Table 5a reports the data for new students in fall 2008 from outside North America. Top 12 U.S. departments continue to have a somewhat higher fraction of domestic students than do lower-ranked departments, and Canadian departments continue to have a lower percentage of Ph.D. students from outside North America than do their U.S. counterparts. The range of new Ph.D. students in U.S. programs who are not North American is 50% to 64% across the ranking strata. I departments are at the lower end of this range. Among U.S. programs ranked 25-36, the fraction of new Ph.D. students from outside North America increased from 59% to 64%. In Canadian programs, the fraction of new students who were not North American declined from 43% to 36%. Overall, the fraction of non-North American new Ph.D. students (54.0%) is comparable to last year’s 54.8%.
Figure 4 shows the employment trend of new Ph.D.s in academia and industry, and the proportion of those going to academia who took positions in departments other than Ph.D.-granting CS/CE departments. Table 4 shows a more detailed breakdown of the employment data for new Ph.D.s. The trend toward employment in industry over academia continues for the 2007-08 Ph.D. graduates. Of those for whom employment type is known, industry hired 56.6% of new Ph.D. graduates, compared to 52.3%, 49.4% and 39.6% in the previous three years. In contrast, about 30% took academic employment in North America (compared to 32%, 33%, 43% and 60%, respectively, in the previous four years). There also is a continued decline in the percentage who went into tenure-track positions in Ph.D.-granting programs (9.4% vs 11.4%, 12.8%, 17.5% and 27.5% in the previous four years) and to non-Ph.D.-granting CS/CE departments (4.2% vs. 4.7%, 5.2% and 7.0% in the previous three years). The decline in the number of persons going into tenure-track positions in Ph.D.-granting programs is almost exactly offset by an increase in the number of new Ph.D.s going to postdoctoral positions.

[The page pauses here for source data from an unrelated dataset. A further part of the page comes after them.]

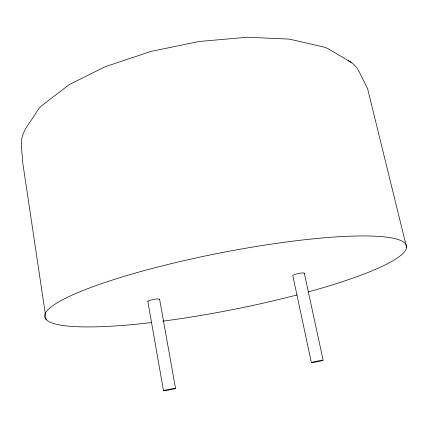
<?xml version="1.0" encoding="UTF-8"?>
<svg xmlns="http://www.w3.org/2000/svg" width="428" height="428" viewBox="0 0 428 428"><rect width="100%" height="100%" fill="white"/><g stroke="black" fill="none" stroke-linecap="round" stroke-linejoin="round"><path stroke-width="0.64" d="M406.6 247.448L367.631 88.789L358.514 70.374L356.438 67.308L353.956 64.601L351.115 62.301L327.57 48.391L324.413 47.176L289.301 39.114L247.502 37.236L198.897 41.505L150.945 51.44L105.288 66.682L69.224 84.616L42.03 105.438L39.504 107.808L37.391 110.568C32.362 120.263 23.39 128.421 21.635 139.592C21.015 147.43 22.459 155.268 22.796 163.1L46.187 319.609M347.959 60.439L351.115 62.301M304.281 273.128L323.14 360.242M311.381 362.644L292.811 275.664A5.885 0.893 -11.8 0 1 298.707 273.449A5.885 0.893 -11.8 0 1 304.228 273.38M159.612 299.284L175.544 388.426A6.126 0.321 -10.8 0 1 166.428 390.443A6.126 0.321 -10.8 0 1 166.61 389.838A6.126 0.321 -10.8 0 1 175.544 388.426M147.821 301.398L163.507 390.716M151.71 322.535A184.366 29.008 -11.1 0 1 81.106 291.275A184.366 29.008 -11.1 0 1 364.142 235.94A184.366 29.008 -11.1 0 1 308.267 291.928M297.241 294.887A184.366 29.008 -11.1 0 1 162.833 321.155M148.04 301.601A5.992 0.926 -10.3 0 1 153.668 299.407A5.992 0.926 -10.3 0 1 159.414 299.563M313.408 362.452A6.013 0.31 -11.3 0 0 323.049 360.339A6.013 0.31 -11.3 0 0 315.308 361.532A6.013 0.31 -11.3 0 0 313.408 362.452"/></g></svg>
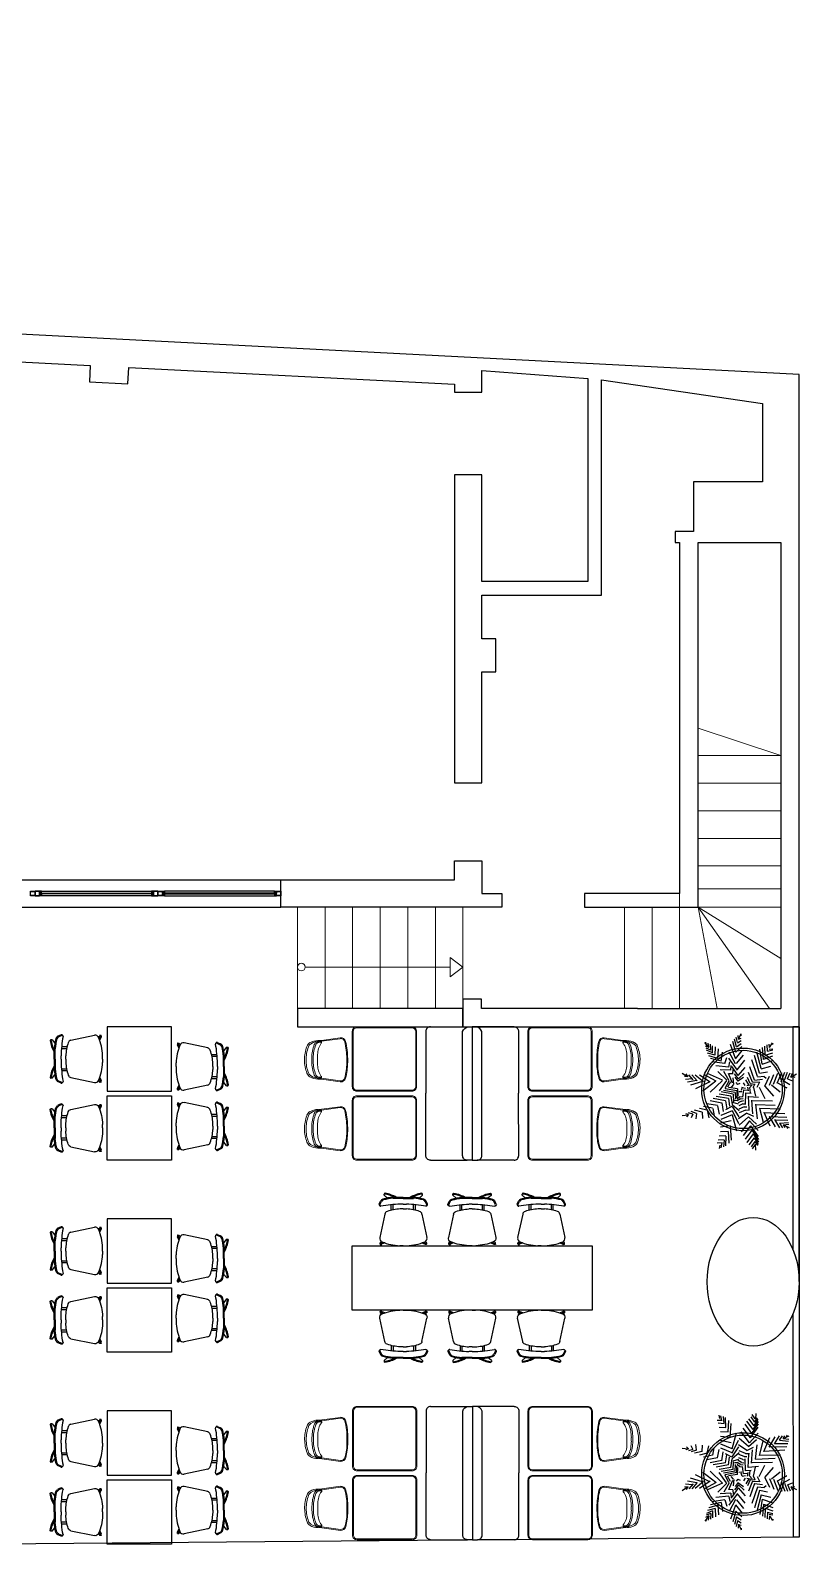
# Model space of a CAD drawing. Header units: centimetres. Extents: x 4865 to 155105, y -10632 to -8826.
# Drawn here: x 7700 to 8537, y -10485 to -8826 of the extents above; entities that cross this region are included whole.
import ezdxf

# ---------------------------------------------------------------- set-up
doc = ezdxf.new("R2010")
doc.units = ezdxf.units.CM
doc.header["$MEASUREMENT"] = 0
for name, color, linetype, lineweight in [('ahsap', 34, 'Continuous', 13), ('kontra-tefriş', 205, 'Continuous', 18), ('çıktı', 255, 'Continuous', 5)]:
    doc.layers.add(name, color=color, linetype=linetype, lineweight=lineweight)
for name, color, linetype, true_color in [('As Built', 7, 'Continuous', 0x5a5a5a), ('Kontra-Cam', 7, 'Continuous', 0xd6cdb8), ('Kontra_Gorunus Cizgi', 7, 'Continuous', 0x9a907e), ('Kontra_Mobilya', 7, 'Continuous', 0x5e5572), ('Kontra_Profil', 7, 'Continuous', 0x6d787c), ('Kontra_Seramik', 7, 'Continuous', 0x455d73)]:
    doc.layers.add(name, color=color, linetype=linetype, true_color=true_color)

# ---------------------------------------------------------------- blocks, each defined once
blk = doc.blocks.new('S2')
at = {"layer": 'kontra-tefriş'}
for p, q in [((-11.4, 0), (-6, 0)), ((-6, 6.4), (-7.8, 6.4)), ((-6, 4.7), (-7.8, 4.7)), ((-6, 6.4), (-3.6, 6.4)), ((-6, 4.7), (-3.6, 4.7)), ((0, 0), (-6, 0)), ((-29.6, -24.6), (-26.8, -4.2)), ((-28.6, -24.7), (-25.8, -4.3)), ((-26.8, -4.2), (-26.6, -0.2)), ((17.3, -24.7), (14.4, -4.3)), ((15.4, -4.2), (15.3, -0.2)), ((18.3, -24.6), (15.4, -4.2)), ((-6.9, -32.7), (-6.8, -32.7)), ((-5.4, -31.7), (-6.7, -31.7)), ((-5.4, -32.7), (-6.7, -32.7)), ((-5.4, -31.7), (-2.2, -31.7)), ((-5.4, -32.7), (-2.2, -32.7))]:
    blk.add_line(p, q, dxfattribs=at)
for centre, radius, start, end in [((-9.2, -0.3), 17.4, 149.8246, 179.7195), ((-9.7, -2), 16.2, 143.6591, 188.0232), ((-20.1, -1.6), 5.36, 154.2435, 207.0789), ((-20.8, -0.4), 4.28, 110.4223, 164.0764), ((-20.4, -2), 4.28, 110.5968, 173.0517), ((-18.2, 4.9), 7.08, 107.1637, 149.8246), ((-11.4, -21), 21, 90, 126.0116), ((-18.2, 4.9), 5.36, 107.1637, 149.8246), ((-6.8, -38.1), 44.5, 91.2998, 110.4223), ((-6.8, -38.1), 42.9, 91.2998, 110.5968), ((-5.1, -29.9), 44.3, 90.3136, 109.9727), ((-5.1, -30), 42.6, 90.3159, 110.0702), ((-5.6, -26.5), 40.8, 69.1846, 89.6662), ((-5.6, -26.5), 39.1, 69.0525, 89.663), ((-4.6, -38.1), 44.5, 69.5777, 88.7002), ((-4.6, -38.1), 42.9, 69.4032, 88.7002), ((6.8, 4.9), 5.36, 30.1754, 72.8363), ((6.8, 4.9), 7.08, 30.1754, 72.8363), ((9, -2), 4.28, 6.9483, 69.4032), ((9.5, -0.4), 4.28, 15.9236, 69.5777), ((-1.6, -2), 16.2, 351.9768, 36.3409), ((-2.1, -0.3), 17.4, 0.2805, 30.1754), ((8.8, -1.6), 5.36, 332.9211, 25.7565), ((-2.9, -43), 45, 119.4604, 120.6303), ((-24.3, -3.5), 0.826, 224.4323, 318.4485), ((-20.8, -2.4), 3.89, 165.784, 208.1186), ((0, -21), 21, 53.9884, 90), ((12.9, -3.5), 0.826, 221.5515, 315.5677), ((9.5, -2.4), 3.89, 331.8814, 14.216), ((-8.5, -43), 45, 59.3697, 60.5396), ((-24.3, -25.2), 5.42, 173.5544, 256.3464), ((-24.3, -25.2), 4.42, 173.5544, 256.3464), ((-6.9, 46.4), 79.1, 256.3464, 270.1225), ((-6.9, 46.4), 78.1, 256.3464, 270.1225), ((-2, 27.2), 58.9, 269.8679, 285.74), ((-2, 27.2), 59.8, 269.868, 285.7097), ((12.9, -25.2), 4.42, 283.6536, 6.4456), ((12.9, -25.2), 5.42, 283.6536, 6.4456)]:
    blk.add_arc(centre, radius, start, end, dxfattribs=at)
blk = doc.blocks.new('fdsfs')
at = {"color": 0, "linetype": 'ByBlock'}
for p, q in [((5557, 224.4), (5602.5, 224.4)), ((5647.9, 224.4), (5602.4, 224.4)), ((5556.9, 79.4), (5596.9, 79.4)), ((5647.9, 79.4), (5607.9, 79.4))]:
    blk.add_line(p, q, dxfattribs=at)
for points in [[(5556.9, 224.4), (5557, 224.4, 0.414214), (5552, 219.4), (5552, 152.3)], [(5602.4, 79.4), (5596.9, 79.4, -0.414214), (5591.9, 84.4), (5591.9, 84.4), (5592, 219.4, -0.292623), (5598, 224.4), (5602.5, 224.4)], [(5602.4, 79.4), (5607.9, 79.4, 0.414214), (5612.9, 84.4), (5612.9, 84.4), (5612.9, 219.4, 0.292623), (5606.9, 224.4), (5602.4, 224.4)], [(5648, 224.4), (5647.9, 224.4, -0.414214), (5652.9, 219.4), (5652.9, 152.3)], [(5556.8, 79.4), (5556.9, 79.4, -0.414214), (5551.9, 84.4), (5552, 152.3)], [(5648, 79.4), (5647.9, 79.4, 0.414214), (5652.9, 84.4), (5652.9, 152.3)]]:
    blk.add_lwpolyline(points, format="xyb", dxfattribs=at)
for points in [[(5602.5, 224.4), (5602.4, 79.4)], [(5602.4, 224.4), (5602.4, 79.4)]]:
    blk.add_lwpolyline(points, dxfattribs=at)
at = {"layer": 'ahsap'}
for points in [[(5472, 219.4, -0.414214), (5477, 224.4), (5537, 224.4, -0.414214), (5542, 219.4), (5542, 159.4, -0.414214), (5537, 154.4), (5477, 154.4, -0.414214), (5472, 159.4)], [(5473, 219.4, -0.414214), (5477, 223.4), (5537, 223.4, -0.414214), (5541, 219.4), (5541, 159.4, -0.414214), (5537, 155.4), (5477, 155.4, -0.414214), (5473, 159.4)], [(5662.9, 219.4, -0.414214), (5667.9, 224.4), (5727.9, 224.4, -0.414214), (5732.9, 219.4), (5732.9, 159.4, -0.414214), (5727.9, 154.4), (5667.9, 154.4, -0.414214), (5662.9, 159.4)], [(5663.9, 219.4, -0.414214), (5667.9, 223.4), (5727.9, 223.4, -0.414214), (5731.9, 219.4), (5731.9, 159.4, -0.414214), (5727.9, 155.4), (5667.9, 155.4, -0.414214), (5663.9, 159.4)], [(5472, 144.4, -0.414214), (5477, 149.4), (5537, 149.4, -0.414214), (5542, 144.4), (5542, 84.4, -0.414214), (5537, 79.4), (5477, 79.4, -0.414214), (5472, 84.4)], [(5662.9, 144.4, -0.414214), (5667.9, 149.4), (5727.9, 149.4, -0.414214), (5732.9, 144.4), (5732.9, 84.4, -0.414214), (5727.9, 79.4), (5667.9, 79.4, -0.414214), (5662.9, 84.4)], [(5473, 144.4, -0.414214), (5477, 148.4), (5537, 148.4, -0.414214), (5541, 144.4), (5541, 84.4, -0.414214), (5537, 80.4), (5477, 80.4, -0.414214), (5473, 84.4)], [(5663.9, 144.4, -0.414214), (5667.9, 148.4), (5727.9, 148.4, -0.414214), (5731.9, 144.4), (5731.9, 84.4, -0.414214), (5727.9, 80.4), (5667.9, 80.4, -0.414214), (5663.9, 84.4)]]:
    blk.add_lwpolyline(points, format="xyb", close=True, dxfattribs=at)
at = {"layer": 'çıktı', "xscale": -1, "rotation": 90}
for p in [(5434.3, 182.9), (5434.3, 107.9)]:
    blk.add_blockref('S2', p, dxfattribs=at)
at = {"layer": 'çıktı', "rotation": 270}
for p in [(5770.6, 182.9), (5770.6, 107.9)]:
    blk.add_blockref('S2', p, dxfattribs=at)
blk = doc.blocks.new('dfgrg')
at = {"color": 129, "true_color": 0x365941}
for p, q in [((97864.4, -49002.8), (97864.3, -49006.7)), ((97838.8, -49007.4), (97838.8, -49007.4)), ((97842.1, -49007.6), (97838.8, -49007.4)), ((97843.6, -49009.6), (97839.6, -49009.3)), ((97840.6, -49006.2), (97840.3, -49003.9)), ((97844.7, -49012.3), (97840.3, -49012.1)), ((97842, -49007.6), (97841.4, -49004.4)), ((97843.5, -49009.5), (97843, -49004.9)), ((97844.7, -49012.1), (97844.5, -49005.6)), ((97846.2, -49015.1), (97846.5, -49007.4)), ((97847.5, -49018.8), (97848.1, -49009.4)), ((97861, -49018.9), (97856, -49012.5)), ((97861.9, -49016), (97857.3, -49010)), ((97862.6, -49013.5), (97858.6, -49007.9)), ((97858.6, -49007.9), (97858.6, -49007.9)), ((97863.3, -49011), (97859.9, -49006.3)), ((97861, -49018.9), (97866.1, -49011.9)), ((97863.7, -49008.5), (97861.3, -49005)), ((97861.9, -49016), (97866.2, -49009.8)), ((97864, -49006.5), (97862.1, -49003.6)), ((97862.6, -49013.5), (97866.2, -49008.1)), ((97863.3, -49011), (97865.9, -49006.6)), ((97863.7, -49008.5), (97865.5, -49005.8)), ((97847.5, -49018.8), (97841, -49018)), ((97846.2, -49015.2), (97841.1, -49014.9)), ((97848.1, -49022.2), (97841.1, -49020.7)), ((97848.8, -49029), (97852.9, -49020.4)), ((97848.9, -49026.2), (97851.6, -49015.6)), ((97859.5, -49024.8), (97853.4, -49019.3)), ((97860.3, -49022.2), (97854.7, -49015)), ((97859.5, -49024.8), (97864.8, -49020)), ((97860.3, -49022.2), (97865.9, -49015.8)), ((97866.8, -49030.6), (97869.4, -49021.2)), ((97869.7, -49027.9), (97873.8, -49018.8)), ((97873.2, -49025.1), (97877.2, -49018.3)), ((97876.8, -49023), (97880, -49017.6)), ((97876.8, -49022.8), (97885.7, -49022.7)), ((97880.1, -49020.6), (97882.1, -49017.6)), ((97880.2, -49020.6), (97886.1, -49021.1)), ((97882.6, -49019.5), (97886.4, -49017.7)), ((97882.6, -49019.5), (97883.7, -49017.7)), ((97882.6, -49019.5), (97886.3, -49019.9)), ((97884.7, -49018.4), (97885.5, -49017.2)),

The unemployment rate for new Ph.D.s remains less than 1%. The proportion of Ph.D. graduates who were reported taking positions outside of North America, among those whose employment is known, decreased again this year to 9.2%, from 10% last year and 13.1% two years ago.
Table 4 also indicates the areas of specialty of new CS/CE Ph.D.s. Year-to-year fluctuations among these data are common and multi-year trends are difficult to discern. This year, there was an increase in the database/information systems area, which no doubt is influenced by the inclusion of I departments in this year’s survey. On the other hand, the programming languages and OS/networks area showed declines. AI/robotics took over from OS/networks as the area with the largest number of graduates. In this year’s survey, we refined the choice of areas that the departments could use to classify Ph.D. recipients, including categories of interest to I departments. We will review the data in comparison with those of previous years to see if this classification is proving useful. There still are a large number of graduates classified as having their degree in some area not specified.
The proportion of women among new Ph.D.s rose for the third straight year, to 20.5% in 2008 from 19.1% last year. This includes I departments, which graduated women Ph.D.s. in higher proportion that did CS and CE departments. However, subtracting the I departments still results in an increase to 20.2% among CS and CE departments (Table 2). Ethnicity characteristics of new Ph.D.s are similar to those reported last year (Table 3). This year, the ethnicity categories were modified to conform to those used by the National Center for Educational Statistics. Thus, the percentages may not all be entirely comparable. This year, we also broke out the reported data when residency status was known but ethnicity was not. Last year, we combined data for ethnicity unknown and residency unknown. Coupled with the inclusion of I departments this year, extra care therefore must be taken when comparing percentages in this year’s ethnicity tables with those from last year. Nevertheless, among CS and CE departments, it appears there was an increase in the proportion of new Ph.D.s awarded to Whites this year, offset by a decrease in those to Asians (including Native Hawaiians and Pacific Islanders).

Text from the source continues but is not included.